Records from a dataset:
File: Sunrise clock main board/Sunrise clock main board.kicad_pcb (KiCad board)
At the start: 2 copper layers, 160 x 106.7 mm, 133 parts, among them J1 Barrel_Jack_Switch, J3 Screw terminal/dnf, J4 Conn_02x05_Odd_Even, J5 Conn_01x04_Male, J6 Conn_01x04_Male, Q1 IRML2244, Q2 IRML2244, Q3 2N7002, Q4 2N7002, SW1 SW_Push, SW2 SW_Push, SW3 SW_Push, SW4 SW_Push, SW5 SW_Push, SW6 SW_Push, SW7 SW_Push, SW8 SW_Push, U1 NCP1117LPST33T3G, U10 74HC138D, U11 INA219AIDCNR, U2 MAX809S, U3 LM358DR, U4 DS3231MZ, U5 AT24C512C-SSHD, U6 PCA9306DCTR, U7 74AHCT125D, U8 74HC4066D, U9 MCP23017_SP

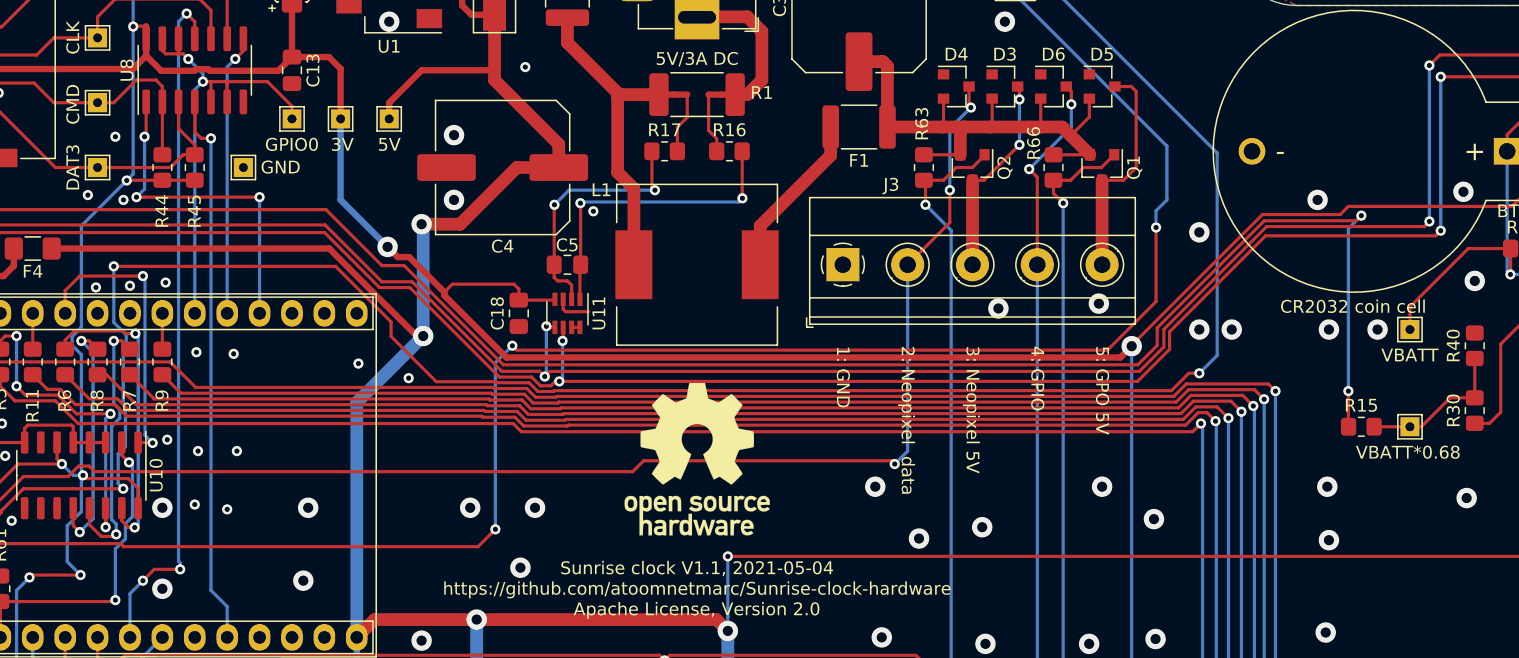
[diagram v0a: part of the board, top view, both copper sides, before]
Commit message: Changed INA219AxDCN to INA219AxD
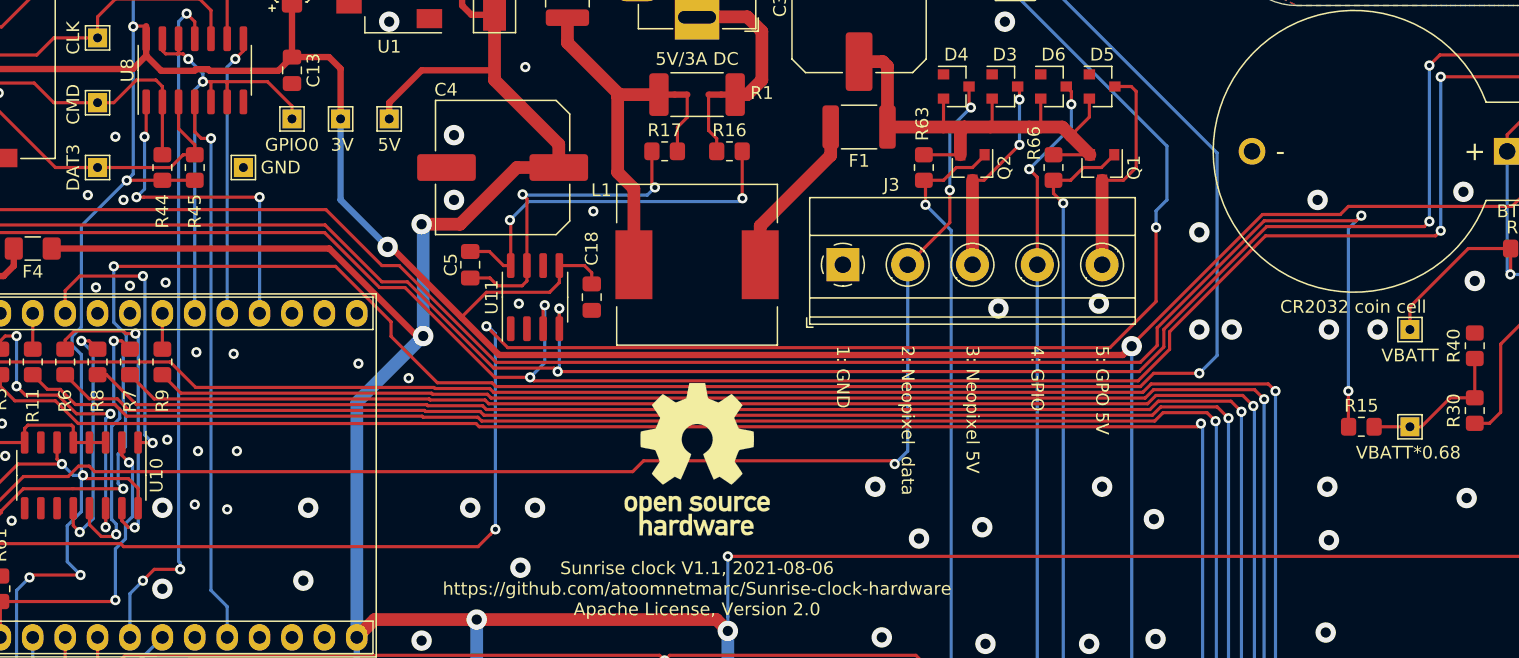
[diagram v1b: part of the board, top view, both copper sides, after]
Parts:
- U11: value INA219AIDCNR -> INA219AxD; footprint Package_TO_SOT_SMD:SOT-23-8 -> Package_SO:SOIC-8_3.9x4.9mm_P1.27mm
- moved C5 7.62 mm to (-17.8, -25.4), turned to 270 degrees
- moved C18 5.85 mm to (-8.26, -22.9)
- moved U11 2.84 mm to (-12.7, -22.9), turned to 90 degrees
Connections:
- U11 pad 1: Net-(C5-Pad1) -> GND
- U11 pad 2: Net-(C5-Pad2) -> GND
- U11 pad 3: GND -> SDA_3V
- U11 pad 4: +3V3 -> SCL_3V
- U11 pad 5: SCL_3V -> +3V3
- U11 pad 6: SDA_3V -> GND
- U11 pad 7: GND -> Net-(C5-Pad2)
- U11 pad 8: GND -> Net-(C5-Pad1)
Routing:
- net Net-(C5-Pad1): track 24.1 -> 29.8 mm
- net Net-(C5-Pad2): track 19.9 -> 25.4 mm
- net 3V_MCU: track 175.8 -> 179.6 mm
- net +3V3: track 444.1 -> 447.5 mm
- net GND: track 66.3 -> 62.8 mm, vias 111 -> 112
- net SDA_3V: track 244.0 -> 247.3 mm
- net SCL_3V: track 243.6 -> 245.1 mm
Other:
- board text added: "Sunrise clock V1.1, 2021-08-06 https://github.com/atoomnetmarc/Sunrise-clock-hardware Apache License, Version 2.0"
- board text removed: "Sunrise clock V1.1, 2021-05-04 https://github.com/atoomnetmarc/Sunrise-clock-hardware Apache License, Version 2.0"

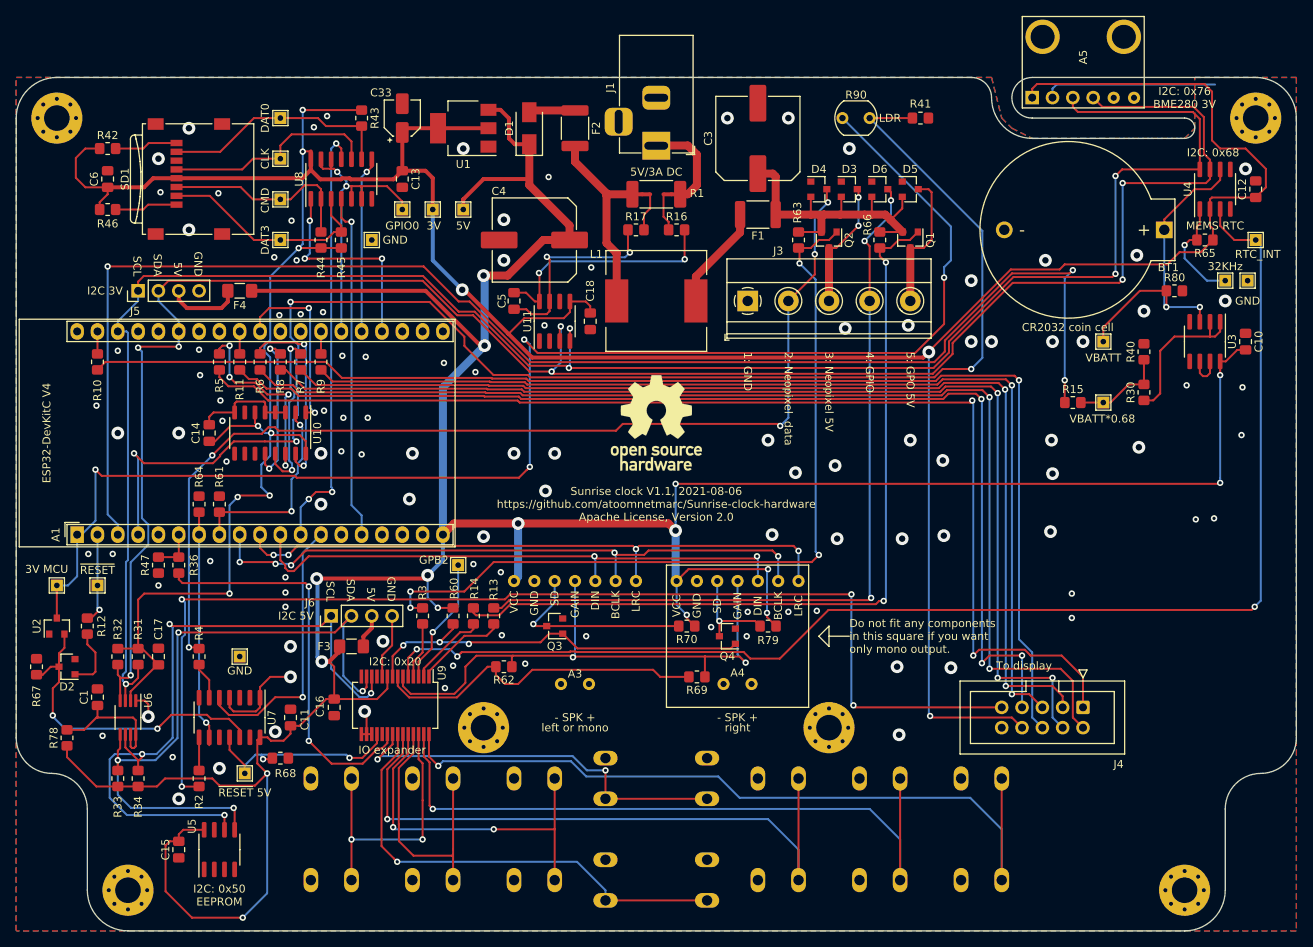
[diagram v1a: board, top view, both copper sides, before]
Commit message: Update to Kicad 6.
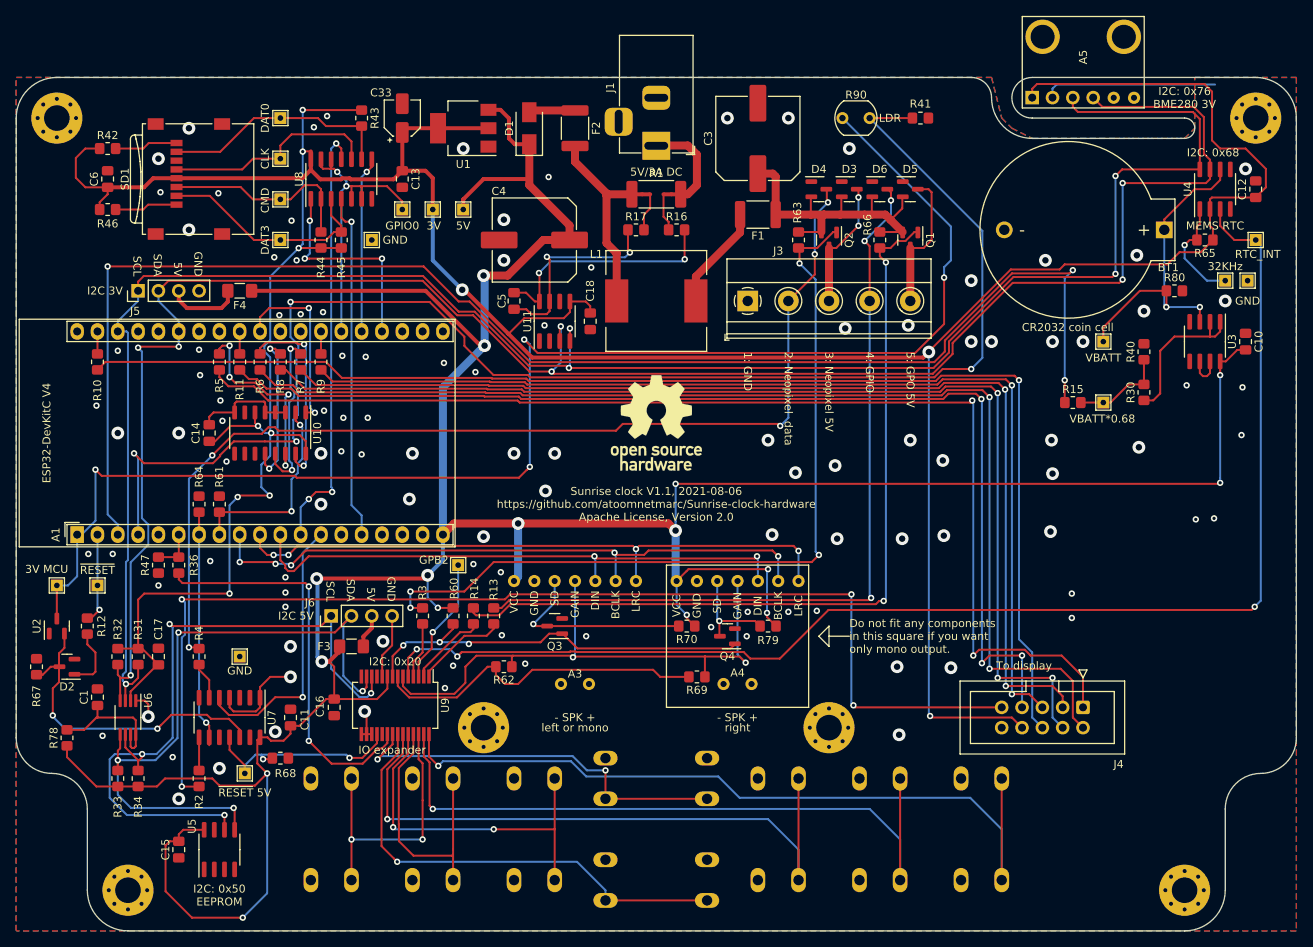
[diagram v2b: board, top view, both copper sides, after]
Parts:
- R1: footprint Resistor_SMD:R_2512_6332Metric_Pad1.52x3.35mm_HandSolder -> Resistor_SMD:R_2512_6332Metric_Pad1.40x3.35mm_HandSolder
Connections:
- net LCD1_~CE renamed LCD1_~{CE}
- net LCD2_~CE renamed LCD2_~{CE}
- net LCD3_~CE renamed LCD3_~{CE}
- net LCD_DATA-~CMD renamed LCD_DATA-~{CMD}
- net LCD_~RST renamed LCD_~{RST}
- net NEOPIXEL_~EN renamed NEOPIXEL_~{EN}
- net ~RESET renamed ~{RESET}
- net ~RESET_5V renamed ~{RESET_5V}
- net ~SDL renamed ~{SDL}
- net ~SDR renamed ~{SDR}
- A1 pad 16: Net-(A1-Pad16) -> unconnected-(A1-Pad16)
- A1 pad 17: Net-(A1-Pad17) -> unconnected-(A1-Pad17)
- A1 pad 18: Net-(A1-Pad18) -> unconnected-(A1-Pad18)
- A1 pad 20: Net-(A1-Pad20) -> unconnected-(A1-Pad20)
- A1 pad 21: Net-(A1-Pad21) -> unconnected-(A1-Pad21)
- A1 pad 22: Net-(A1-Pad22) -> unconnected-(A1-Pad22)
- A1 pad 27: Net-(A1-Pad27) -> unconnected-(A1-Pad27)
- A1 pad 28: Net-(A1-Pad28) -> unconnected-(A1-Pad28)
- A1 pad 31: Net-(A1-Pad31) -> unconnected-(A1-Pad31)
- A1 pad 34: Net-(A1-Pad34) -> unconnected-(A1-Pad34)
- A1 pad 35: Net-(A1-Pad35) -> unconnected-(A1-Pad35)
- A1 pad 5: Net-(A1-Pad5) -> unconnected-(A1-Pad5)
- A3 pad 8: Net-(A3-Pad8) -> unconnected-(A3-Pad8)
- A3 pad 9: Net-(A3-Pad9) -> unconnected-(A3-Pad9)
- A4 pad 8: Net-(A4-Pad8) -> unconnected-(A4-Pad8)
- A4 pad 9: Net-(A4-Pad9) -> unconnected-(A4-Pad9)
- A5 pad 5: Net-(A5-Pad5) -> unconnected-(A5-Pad5)
- A5 pad 6: Net-(A5-Pad6) -> unconnected-(A5-Pad6)
- D2 pad 2: Net-(D2-Pad2) -> unconnected-(D2-Pad2)
- U10 pad 10: Net-(U10-Pad10) -> unconnected-(U10-Pad10)
- U10 pad 11: Net-(U10-Pad11) -> unconnected-(U10-Pad11)
- U10 pad 7: Net-(U10-Pad7) -> unconnected-(U10-Pad7)
- U10 pad 9: Net-(U10-Pad9) -> unconnected-(U10-Pad9)
- U4 pad 4: Net-(U4-Pad4) -> unconnected-(U4-Pad4)
- U5 pad 1: Net-(U5-Pad1) -> unconnected-(U5-Pad1)
- U5 pad 2: Net-(U5-Pad2) -> unconnected-(U5-Pad2)
- U5 pad 3: Net-(U5-Pad3) -> unconnected-(U5-Pad3)
- U5 pad 7: Net-(U5-Pad7) -> unconnected-(U5-Pad7)
- U7 pad 3: Net-(U7-Pad3) -> unconnected-(U7-Pad3)
- U9 pad 11: Net-(U9-Pad11) -> unconnected-(U9-Pad11)
- U9 pad 14: Net-(U9-Pad14) -> unconnected-(U9-Pad14)
- U9 pad 19: Net-(U9-Pad19) -> unconnected-(U9-Pad19)
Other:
- net class Default removed
- board text added: "~{RESET}"
- board text added: "~{RESET} 5V"
- board text removed: "~RESET"
- board text removed: "~RESET 5V"

Task to complete
Set the records down again precisely, skipping every image.

The answer
File: Sunrise clock main board/Sunrise clock main board.kicad_pcb (KiCad board)
At the start: 2 copper layers, 160 x 106.7 mm, 133 parts, among them J1 Barrel_Jack_Switch, J3 Screw terminal/dnf, J4 Conn_02x05_Odd_Even, J5 Conn_01x04_Male, J6 Conn_01x04_Male, Q1 IRML2244, Q2 IRML2244, Q3 2N7002, Q4 2N7002, SW1 SW_Push, SW2 SW_Push, SW3 SW_Push, SW4 SW_Push, SW5 SW_Push, SW6 SW_Push, SW7 SW_Push, SW8 SW_Push, U1 NCP1117LPST33T3G, U10 74HC138D, U11 INA219AIDCNR, U2 MAX809S, U3 LM358DR, U4 DS3231MZ, U5 AT24C512C-SSHD, U6 PCA9306DCTR, U7 74AHCT125D, U8 74HC4066D, U9 MCP23017_SP

[diagram v0a: part of the board, top view, both copper sides, before]
Commit message: Changed INA219AxDCN to INA219AxD
[diagram v1b: part of the board, top view, both copper sides, after]
Parts:
- U11: value INA219AIDCNR -> INA219AxD; footprint Package_TO_SOT_SMD:SOT-23-8 -> Package_SO:SOIC-8_3.9x4.9mm_P1.27mm
- moved C5 7.62 mm to (-17.8, -25.4), turned to 270 degrees
- moved C18 5.85 mm to (-8.26, -22.9)
- moved U11 2.84 mm to (-12.7, -22.9), turned to 90 degrees
Connections:
- U11 pad 1: Net-(C5-Pad1) -> GND
- U11 pad 2: Net-(C5-Pad2) -> GND
- U11 pad 3: GND -> SDA_3V
- U11 pad 4: +3V3 -> SCL_3V
- U11 pad 5: SCL_3V -> +3V3
- U11 pad 6: SDA_3V -> GND
- U11 pad 7: GND -> Net-(C5-Pad2)
- U11 pad 8: GND -> Net-(C5-Pad1)
Routing:
- net Net-(C5-Pad1): track 24.1 -> 29.8 mm
- net Net-(C5-Pad2): track 19.9 -> 25.4 mm
- net 3V_MCU: track 175.8 -> 179.6 mm
- net +3V3: track 444.1 -> 447.5 mm
- net GND: track 66.3 -> 62.8 mm, vias 111 -> 112
- net SDA_3V: track 244.0 -> 247.3 mm
- net SCL_3V: track 243.6 -> 245.1 mm
Other:
- board text added: "Sunrise clock V1.1, 2021-08-06 https://github.com/atoomnetmarc/Sunrise-clock-hardware Apache License, Version 2.0"
- board text removed: "Sunrise clock V1.1, 2021-05-04 https://github.com/atoomnetmarc/Sunrise-clock-hardware Apache License, Version 2.0"

[diagram v1a: board, top view, both copper sides, before]
Commit message: Update to Kicad 6.
[diagram v2b: board, top view, both copper sides, after]
Parts:
- R1: footprint Resistor_SMD:R_2512_6332Metric_Pad1.52x3.35mm_HandSolder -> Resistor_SMD:R_2512_6332Metric_Pad1.40x3.35mm_HandSolder
Connections:
- net LCD1_~CE renamed LCD1_~{CE}
- net LCD2_~CE renamed LCD2_~{CE}
- net LCD3_~CE renamed LCD3_~{CE}
- net LCD_DATA-~CMD renamed LCD_DATA-~{CMD}
- net LCD_~RST renamed LCD_~{RST}
- net NEOPIXEL_~EN renamed NEOPIXEL_~{EN}
- net ~RESET renamed ~{RESET}
- net ~RESET_5V renamed ~{RESET_5V}
- net ~SDL renamed ~{SDL}
- net ~SDR renamed ~{SDR}
- A1 pad 16: Net-(A1-Pad16) -> unconnected-(A1-Pad16)
- A1 pad 17: Net-(A1-Pad17) -> unconnected-(A1-Pad17)
- A1 pad 18: Net-(A1-Pad18) -> unconnected-(A1-Pad18)
- A1 pad 20: Net-(A1-Pad20) -> unconnected-(A1-Pad20)
- A1 pad 21: Net-(A1-Pad21) -> unconnected-(A1-Pad21)
- A1 pad 22: Net-(A1-Pad22) -> unconnected-(A1-Pad22)
- A1 pad 27: Net-(A1-Pad27) -> unconnected-(A1-Pad27)
- A1 pad 28: Net-(A1-Pad28) -> unconnected-(A1-Pad28)
- A1 pad 31: Net-(A1-Pad31) -> unconnected-(A1-Pad31)
- A1 pad 34: Net-(A1-Pad34) -> unconnected-(A1-Pad34)
- A1 pad 35: Net-(A1-Pad35) -> unconnected-(A1-Pad35)
- A1 pad 5: Net-(A1-Pad5) -> unconnected-(A1-Pad5)
- A3 pad 8: Net-(A3-Pad8) -> unconnected-(A3-Pad8)
- A3 pad 9: Net-(A3-Pad9) -> unconnected-(A3-Pad9)
- A4 pad 8: Net-(A4-Pad8) -> unconnected-(A4-Pad8)
- A4 pad 9: Net-(A4-Pad9) -> unconnected-(A4-Pad9)
- A5 pad 5: Net-(A5-Pad5) -> unconnected-(A5-Pad5)
- A5 pad 6: Net-(A5-Pad6) -> unconnected-(A5-Pad6)
- D2 pad 2: Net-(D2-Pad2) -> unconnected-(D2-Pad2)
- U10 pad 10: Net-(U10-Pad10) -> unconnected-(U10-Pad10)
- U10 pad 11: Net-(U10-Pad11) -> unconnected-(U10-Pad11)
- U10 pad 7: Net-(U10-Pad7) -> unconnected-(U10-Pad7)
- U10 pad 9: Net-(U10-Pad9) -> unconnected-(U10-Pad9)
- U4 pad 4: Net-(U4-Pad4) -> unconnected-(U4-Pad4)
- U5 pad 1: Net-(U5-Pad1) -> unconnected-(U5-Pad1)
- U5 pad 2: Net-(U5-Pad2) -> unconnected-(U5-Pad2)
- U5 pad 3: Net-(U5-Pad3) -> unconnected-(U5-Pad3)
- U5 pad 7: Net-(U5-Pad7) -> unconnected-(U5-Pad7)
- U7 pad 3: Net-(U7-Pad3) -> unconnected-(U7-Pad3)
- U9 pad 11: Net-(U9-Pad11) -> unconnected-(U9-Pad11)
- U9 pad 14: Net-(U9-Pad14) -> unconnected-(U9-Pad14)
- U9 pad 19: Net-(U9-Pad19) -> unconnected-(U9-Pad19)
Other:
- net class Default removed
- board text added: "~{RESET}"
- board text added: "~{RESET} 5V"
- board text removed: "~RESET"
- board text removed: "~RESET 5V"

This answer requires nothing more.